SUPPLIED ENTRIES.
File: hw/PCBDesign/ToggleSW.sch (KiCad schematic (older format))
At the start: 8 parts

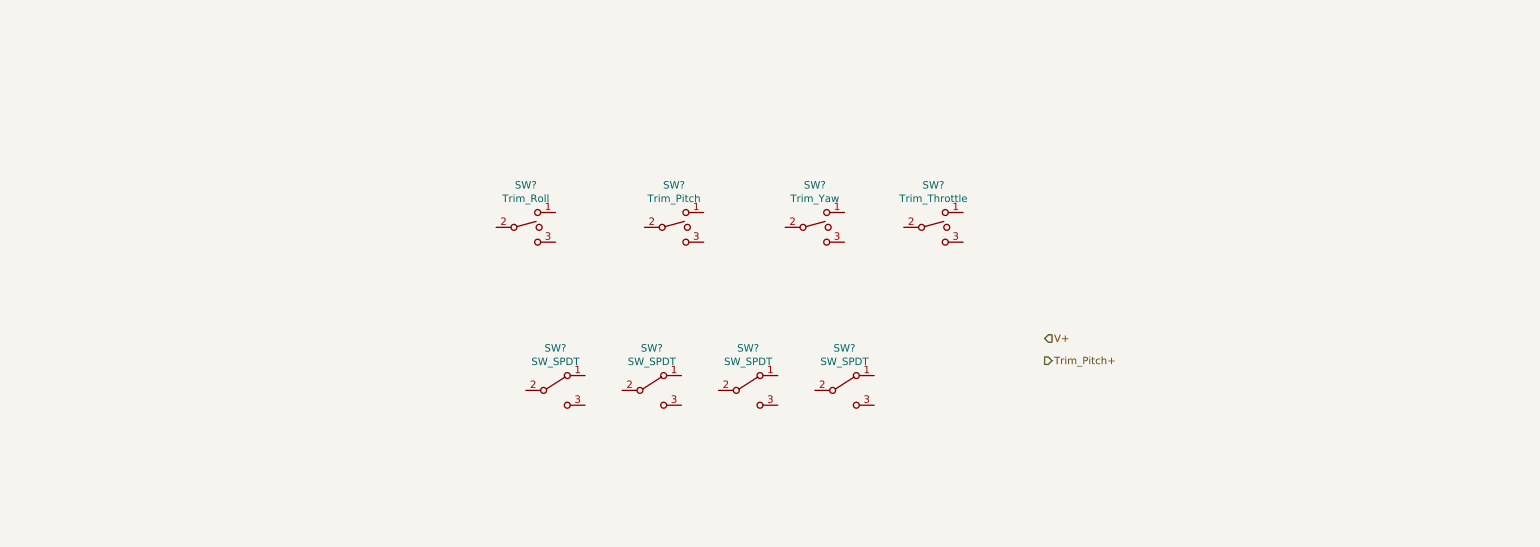
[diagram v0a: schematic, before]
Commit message: Add HMI input circuitry
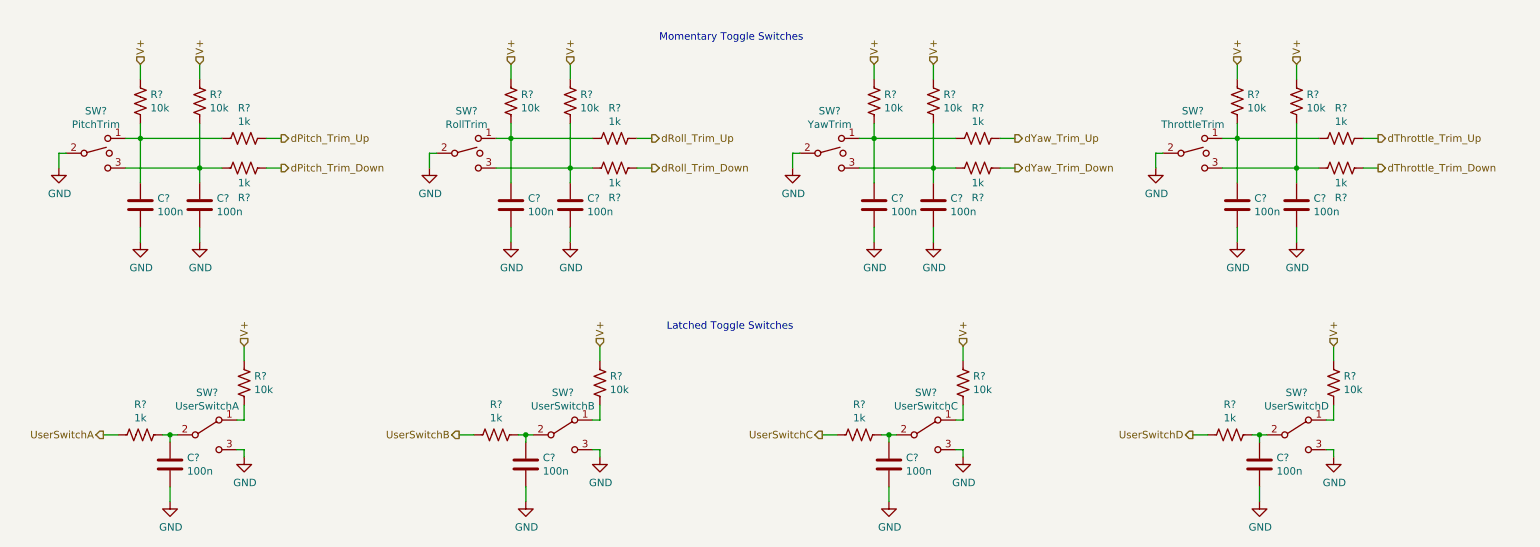
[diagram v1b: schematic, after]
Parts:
- removed SW?: Trim_Pitch, symbol Switch:SW_SPDT_MSM
- removed SW?: Trim_Yaw, symbol Switch:SW_SPDT_MSM
- removed SW?: Trim_Throttle, symbol Switch:SW_SPDT_MSM
- removed SW? (x3): SW_SPDT, symbol Switch:SW_SPDT
- added C? (x12): 100n, symbol Device:C
- added R? (x12): 10k, symbol Device:R_US
- added R? (x12): 1k, symbol Device:R_US
- added SW?: RollTrim, symbol Switch:SW_SPDT_MSM
- added SW?: YawTrim, symbol Switch:SW_SPDT_MSM
- added SW?: ThrottleTrim, symbol Switch:SW_SPDT_MSM
- added SW?: UserSwitchB, symbol Switch:SW_SPDT
- added SW?: UserSwitchC, symbol Switch:SW_SPDT
- added SW?: UserSwitchD, symbol Switch:SW_SPDT
- SW?: value Trim_Roll -> PitchTrim
- SW?: value SW_SPDT -> UserSwitchA
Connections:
- net V+: now also R?.1, R?.1, R?.1, R?.1, R?.1, R?.1, R?.1, R?.1, R?.1, R?.1, R?.1, R?.1
- net at SW?.1: now also C?.1, R?.2, R?.2
- net GND: now reaches SW?.2
- net GND: now also SW?.3 (C), C?.2, C?.2, C?.2, C?.2, C?.2, C?.2, C?.2, C?.2, C?.2, C?.2, C?.2, C?.2, SW?.2, SW?.2, SW?.2, SW?.3 (C), SW?.3 (C), SW?.3 (C)
- net at SW?.3: now also C?.1, R?.1, R?.2
- net at SW?.1 (A): now also R?.2
- net at SW?.2 (B): now also C?.1, R?.1
- new net: C?.1, R?.2, R?.2, SW?.1 (x3)
- new net: C?.1, R?.1, R?.2, SW?.3 (x3)
- new net: R?.2, SW?.1 (A) (x3)
- new net: C?.1, R?.1, SW?.2 (B) (x3)
- new net UserSwitchA: R?.2
- new net UserSwitchB: R?.2
- new net UserSwitchC: R?.2
- new net UserSwitchD: R?.2
- new net dPitch_Trim_Down: R?.2
- new net dPitch_Trim_Up: R?.1
- new net dRoll_Trim_Down: R?.2
- new net dRoll_Trim_Up: R?.1
- new net dThrottle_Trim_Down: R?.2
- new net dThrottle_Trim_Up: R?.1
- new net dYaw_Trim_Down: R?.2
- new net dYaw_Trim_Up: R?.1
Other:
- note added: "Latched Toggle Switches"
- note added: "Momentary Toggle Switches"
- moved on the sheet: SW?

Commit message: Schematic polishing
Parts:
- added J10, J11, J12, J13, J14, J7, J8, J9: Conn_01x03, symbol Connector_Generic:Conn_01x03
- C10, C11, C12, C13, C14, C15, C16, C17, C18, C19, C20, C21: renamed from C?; footprint (none) -> Capacitor_SMD:C_0402_1005Metric; LCSC (none) -> C1525
- R15, R17, R20, R22, R23, R24, R28, R29, R30, R34, R35, R36: renamed from R?; footprint (none) -> Resistor_SMD:R_0402_1005Metric; LCSC (none) -> C25744
- R16, R18, R19, R21, R25, R26, R27, R31, R32, R33, R37, R38: renamed from R?; footprint (none) -> Resistor_SMD:R_0402_1005Metric; LCSC (none) -> C11702
- gave numbers to parts that had none: 8
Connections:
- net GND: now also J10.3 (Pin_3), J11.2 (Pin_2), J12.3 (Pin_3), J13.2 (Pin_2), J14.3 (Pin_3), J7.2 (Pin_2), J8.3 (Pin_3), J9.2 (Pin_2)
- net at C10.1, R15.2, R18.2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: now also J7.3 (Pin_3)
- net at C12.1, R17.2, R19.1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: now also J7.1 (Pin_1)
- net at R20.2, SW4.1 (A): now also J8.1 (Pin_1)
- net at C11.1, R16.1, SW4.2 (B): now also J8.2 (Pin_2)
- net at C13.1, R22.2, R25.2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: now also J9.3 (Pin_3)
- net at C15.1, R23.2, R26.1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: now also J9.1 (Pin_1)
- net at C16.1, R28.2, R31.2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: now also J11.3 (Pin_3)
- net at C18.1, R29.2, R32.1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: now also J11.1 (Pin_1)
- net at C19.1, R34.2, R37.2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: now also J13.3 (Pin_3)
- net at C21.1, R35.2, R38.1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: now also J13.1 (Pin_1)
- net at R24.2, SW6.1 (A): now also J10.1 (Pin_1)
- net at C14.1, R21.1, SW6.2 (B): now also J10.2 (Pin_2)
- net at R30.2, SW8.1 (A): now also J12.1 (Pin_1)
- net at C17.1, R27.1, SW8.2 (B): now also J12.2 (Pin_2)
- net at R36.2, SW10.1 (A): now also J14.1 (Pin_1)
- net at C20.1, R33.1, SW10.2 (B): now also J14.2 (Pin_2)

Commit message: Added PCB
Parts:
- J10, J11, J12, J13, J14, J7, J8, J9: footprint (none) -> Connector_JST:JST_PH_S3B-PH-SM4-TB_1x03-1MP_P2.00mm_Horizontal; DigiKey (none) -> 455-1750-2-ND
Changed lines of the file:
@@
 F 0 "J14" H 10030 3592 50  0000 L CNN
 F 1 "Conn_01x03" H 10030 3501 50  0000 L CNN
-F 2 "" H 9950 3550 50  0001 C CNN
+F 2 "Connector_JST:JST_PH_S3B-PH-SM4-TB_1x03-1MP_P2.00mm_Horizontal" H 9950 3550 50  0001 C CNN
 F 3 "~" H 9950 3550 50  0001 C CNN
+F 4 "455-1750-2-ND" H 9950 3550 50  0001 C CNN "DigiKey"
 	1    9950 3550
 	1    0    0    -1
@@
 F 0 "J12" H 7530 3592 50  0000 L CNN
 F 1 "Conn_01x03" H 7530 3501 50  0000 L CNN
-F 2 "" H 7450 3550 50  0001 C CNN
+F 2 "Connector_JST:JST_PH_S3B-PH-SM4-TB_1x03-1MP_P2.00mm_Horizontal" H 7450 3550 50  0001 C CNN
 F 3 "~" H 7450 3550 50  0001 C CNN
+F 4 "455-1750-2-ND" H 7450 3550 50  0001 C CNN "DigiKey"
 	1    7450 3550
 	1    0    0    -1
@@
 F 0 "J10" H 5080 3592 50  0000 L CNN
 F 1 "Conn_01x03" H 5080 3501 50  0000 L CNN
-F 2 "" H 5000 3550 50  0001 C CNN
+F 2 "Connector_JST:JST_PH_S3B-PH-SM4-TB_1x03-1MP_P2.00mm_Horizontal" H 5000 3550 50  0001 C CNN
 F 3 "~" H 5000 3550 50  0001 C CNN
+F 4 "455-1750-2-ND" H 5000 3550 50  0001 C CNN "DigiKey"
 	1    5000 3550
 	1    0    0    -1
@@
 F 0 "J8" H 2680 3592 50  0000 L CNN
 F 1 "Conn_01x03" H 2680 3501 50  0000 L CNN
-F 2 "" H 2600 3550 50  0001 C CNN
+F 2 "Connector_JST:JST_PH_S3B-PH-SM4-TB_1x03-1MP_P2.00mm_Horizontal" H 2600 3550 50  0001 C CNN
 F 3 "~" H 2600 3550 50  0001 C CNN
+F 4 "455-1750-2-ND" H 2600 3550 50  0001 C CNN "DigiKey"
 	1    2600 3550
 	1    0    0    -1
@@
 F 0 "J7" V 1864 930 50  0000 L CNN
 F 1 "Conn_01x03" V 1773 930 50  0000 L CNN
-F 2 "" H 1900 750 50  0001 C CNN
+F 2 "Connector_JST:JST_PH_S3B-PH-SM4-TB_1x03-1MP_P2.00mm_Horizontal" H 1900 750 50  0001 C CNN
 F 3 "~" H 1900 750 50  0001 C CNN
+F 4 "455-1750-2-ND" H 1900 750 50  0001 C CNN "DigiKey"
 	1    1900 750
 	0    1    -1   0
@@
 F 0 "J9" V 4364 930 50  0000 L CNN
 F 1 "Conn_01x03" V 4273 930 50  0000 L CNN
-F 2 "" H 4400 750 50  0001 C CNN
+F 2 "Connector_JST:JST_PH_S3B-PH-SM4-TB_1x03-1MP_P2.00mm_Horizontal" H 4400 750 50  0001 C CNN
 F 3 "~" H 4400 750 50  0001 C CNN
+F 4 "455-1750-2-ND" H 4400 750 50  0001 C CNN "DigiKey"
 	1    4400 750
 	0    1    -1   0
@@
 F 0 "J11" V 6814 930 50  0000 L CNN
 F 1 "Conn_01x03" V 6723 930 50  0000 L CNN
-F 2 "" H 6850 750 50  0001 C CNN
+F 2 "Connector_JST:JST_PH_S3B-PH-SM4-TB_1x03-1MP_P2.00mm_Horizontal" H 6850 750 50  0001 C CNN
 F 3 "~" H 6850 750 50  0001 C CNN
+F 4 "455-1750-2-ND" H 6850 750 50  0001 C CNN "DigiKey"
 	1    6850 750
 	0    1    -1   0
@@
 F 0 "J13" V 9264 930 50  0000 L CNN
 F 1 "Conn_01x03" V 9173 930 50  0000 L CNN
-F 2 "" H 9300 750 50  0001 C CNN
+F 2 "Connector_JST:JST_PH_S3B-PH-SM4-TB_1x03-1MP_P2.00mm_Horizontal" H 9300 750 50  0001 C CNN
 F 3 "~" H 9300 750 50  0001 C CNN
+F 4 "455-1750-2-ND" H 9300 750 50  0001 C CNN "DigiKey"
 	1    9300 750
 	0    1    -1   0

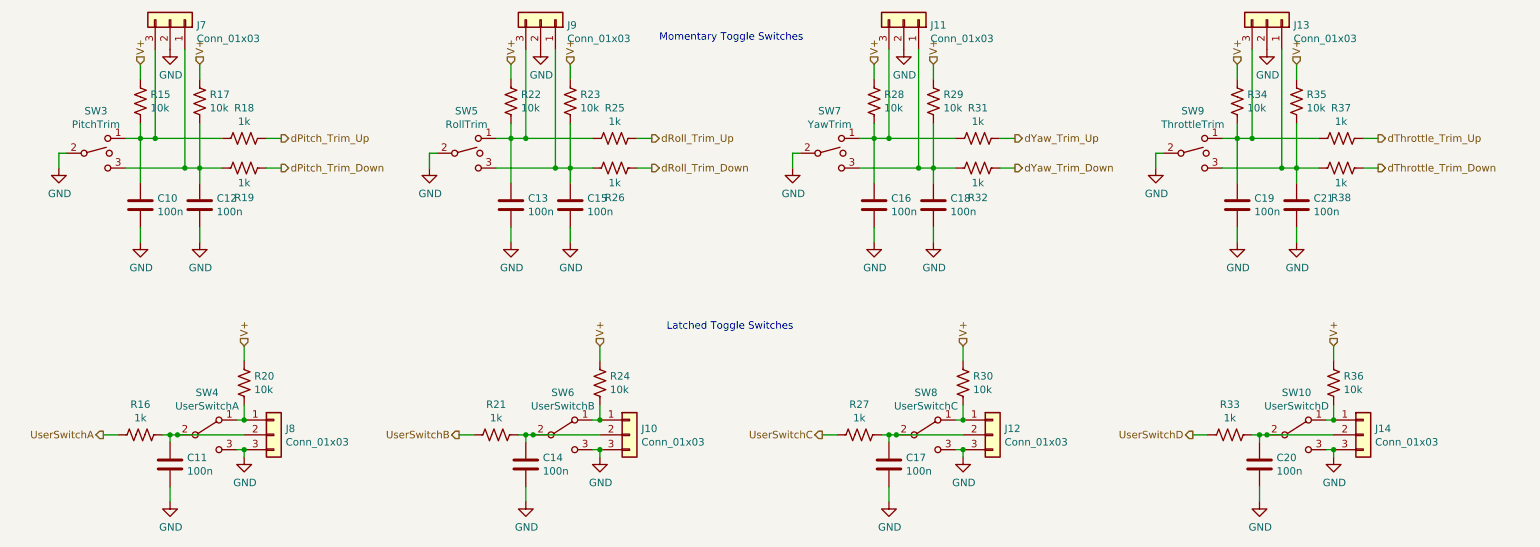
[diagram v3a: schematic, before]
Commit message: Laid out power section
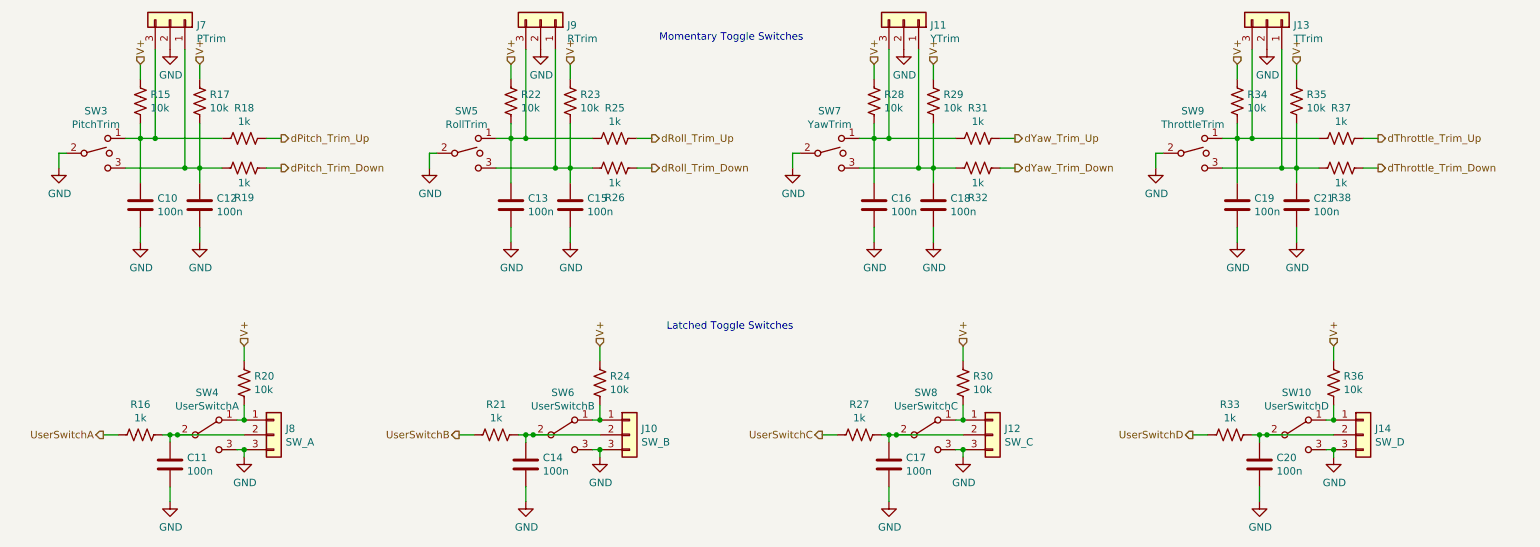
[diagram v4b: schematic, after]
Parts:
- J10: value Conn_01x03 -> SW_B
- J11: value Conn_01x03 -> YTrim
- J12: value Conn_01x03 -> SW_C
- J13: value Conn_01x03 -> TTrim
- J14: value Conn_01x03 -> SW_D
- J7: value Conn_01x03 -> PTrim
- J8: value Conn_01x03 -> SW_A
- J9: value Conn_01x03 -> RTrim
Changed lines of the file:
@@
 P 9950 3550
 F 0 "J14" H 10030 3592 50  0000 L CNN
-F 1 "Conn_01x03" H 10030 3501 50  0000 L CNN
+F 1 "SW_D" H 10030 3501 50  0000 L CNN
 F 2 "Connector_JST:JST_PH_S3B-PH-SM4-TB_1x03-1MP_P2.00mm_Horizontal" H 9950 3550 50  0001 C CNN
 F 3 "~" H 9950 3550 50  0001 C CNN
@@
 P 7450 3550
 F 0 "J12" H 7530 3592 50  0000 L CNN
-F 1 "Conn_01x03" H 7530 3501 50  0000 L CNN
+F 1 "SW_C" H 7530 3501 50  0000 L CNN
 F 2 "Connector_JST:JST_PH_S3B-PH-SM4-TB_1x03-1MP_P2.00mm_Horizontal" H 7450 3550 50  0001 C CNN
 F 3 "~" H 7450 3550 50  0001 C CNN
@@
 P 5000 3550
 F 0 "J10" H 5080 3592 50  0000 L CNN
-F 1 "Conn_01x03" H 5080 3501 50  0000 L CNN
+F 1 "SW_B" H 5080 3501 50  0000 L CNN
 F 2 "Connector_JST:JST_PH_S3B-PH-SM4-TB_1x03-1MP_P2.00mm_Horizontal" H 5000 3550 50  0001 C CNN
 F 3 "~" H 5000 3550 50  0001 C CNN
@@
 P 2600 3550
 F 0 "J8" H 2680 3592 50  0000 L CNN
-F 1 "Conn_01x03" H 2680 3501 50  0000 L CNN
+F 1 "SW_A" H 2680 3501 50  0000 L CNN
 F 2 "Connector_JST:JST_PH_S3B-PH-SM4-TB_1x03-1MP_P2.00mm_Horizontal" H 2600 3550 50  0001 C CNN
 F 3 "~" H 2600 3550 50  0001 C CNN
@@
 P 1900 750
 F 0 "J7" V 1864 930 50  0000 L CNN
-F 1 "Conn_01x03" V 1773 930 50  0000 L CNN
+F 1 "PTrim" V 1773 930 50  0000 L CNN
 F 2 "Connector_JST:JST_PH_S3B-PH-SM4-TB_1x03-1MP_P2.00mm_Horizontal" H 1900 750 50  0001 C CNN
 F 3 "~" H 1900 750 50  0001 C CNN
@@
 P 4400 750
 F 0 "J9" V 4364 930 50  0000 L CNN
-F 1 "Conn_01x03" V 4273 930 50  0000 L CNN
+F 1 "RTrim" V 4273 930 50  0000 L CNN
 F 2 "Connector_JST:JST_PH_S3B-PH-SM4-TB_1x03-1MP_P2.00mm_Horizontal" H 4400 750 50  0001 C CNN
 F 3 "~" H 4400 750 50  0001 C CNN
@@
 P 6850 750
 F 0 "J11" V 6814 930 50  0000 L CNN
-F 1 "Conn_01x03" V 6723 930 50  0000 L CNN
+F 1 "YTrim" V 6723 930 50  0000 L CNN
 F 2 "Connector_JST:JST_PH_S3B-PH-SM4-TB_1x03-1MP_P2.00mm_Horizontal" H 6850 750 50  0001 C CNN
 F 3 "~" H 6850 750 50  0001 C CNN
@@
 P 9300 750
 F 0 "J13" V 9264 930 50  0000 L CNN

WHAT IS BEING ASKED. Find where the line with "[diagram v1b: schematic, after]" sits in the material above, then copy exactly from it through the line with "(none) -> C25744". Add no other line.

REPLY.
[diagram v1b: schematic, after]
Parts:
- removed SW?: Trim_Pitch, symbol Switch:SW_SPDT_MSM
- removed SW?: Trim_Yaw, symbol Switch:SW_SPDT_MSM
- removed SW?: Trim_Throttle, symbol Switch:SW_SPDT_MSM
- removed SW? (x3): SW_SPDT, symbol Switch:SW_SPDT
- added C? (x12): 100n, symbol Device:C
- added R? (x12): 10k, symbol Device:R_US
- added R? (x12): 1k, symbol Device:R_US
- added SW?: RollTrim, symbol Switch:SW_SPDT_MSM
- added SW?: YawTrim, symbol Switch:SW_SPDT_MSM
- added SW?: ThrottleTrim, symbol Switch:SW_SPDT_MSM
- added SW?: UserSwitchB, symbol Switch:SW_SPDT
- added SW?: UserSwitchC, symbol Switch:SW_SPDT
- added SW?: UserSwitchD, symbol Switch:SW_SPDT
- SW?: value Trim_Roll -> PitchTrim
- SW?: value SW_SPDT -> UserSwitchA
Connections:
- net V+: now also R?.1, R?.1, R?.1, R?.1, R?.1, R?.1, R?.1, R?.1, R?.1, R?.1, R?.1, R?.1
- net at SW?.1: now also C?.1, R?.2, R?.2
- net GND: now reaches SW?.2
- net GND: now also SW?.3 (C), C?.2, C?.2, C?.2, C?.2, C?.2, C?.2, C?.2, C?.2, C?.2, C?.2, C?.2, C?.2, SW?.2, SW?.2, SW?.2, SW?.3 (C), SW?.3 (C), SW?.3 (C)
- net at SW?.3: now also C?.1, R?.1, R?.2
- net at SW?.1 (A): now also R?.2
- net at SW?.2 (B): now also C?.1, R?.1
- new net: C?.1, R?.2, R?.2, SW?.1 (x3)
- new net: C?.1, R?.1, R?.2, SW?.3 (x3)
- new net: R?.2, SW?.1 (A) (x3)
- new net: C?.1, R?.1, SW?.2 (B) (x3)
- new net UserSwitchA: R?.2
- new net UserSwitchB: R?.2
- new net UserSwitchC: R?.2
- new net UserSwitchD: R?.2
- new net dPitch_Trim_Down: R?.2
- new net dPitch_Trim_Up: R?.1
- new net dRoll_Trim_Down: R?.2
- new net dRoll_Trim_Up: R?.1
- new net dThrottle_Trim_Down: R?.2
- new net dThrottle_Trim_Up: R?.1
- new net dYaw_Trim_Down: R?.2
- new net dYaw_Trim_Up: R?.1
Other:
- note added: "Latched Toggle Switches"
- note added: "Momentary Toggle Switches"
- moved on the sheet: SW?

Commit message: Schematic polishing
Parts:
- added J10, J11, J12, J13, J14, J7, J8, J9: Conn_01x03, symbol Connector_Generic:Conn_01x03
- C10, C11, C12, C13, C14, C15, C16, C17, C18, C19, C20, C21: renamed from C?; footprint (none) -> Capacitor_SMD:C_0402_1005Metric; LCSC (none) -> C1525
- R15, R17, R20, R22, R23, R24, R28, R29, R30, R34, R35, R36: renamed from R?; footprint (none) -> Resistor_SMD:R_0402_1005Metric; LCSC (none) -> C25744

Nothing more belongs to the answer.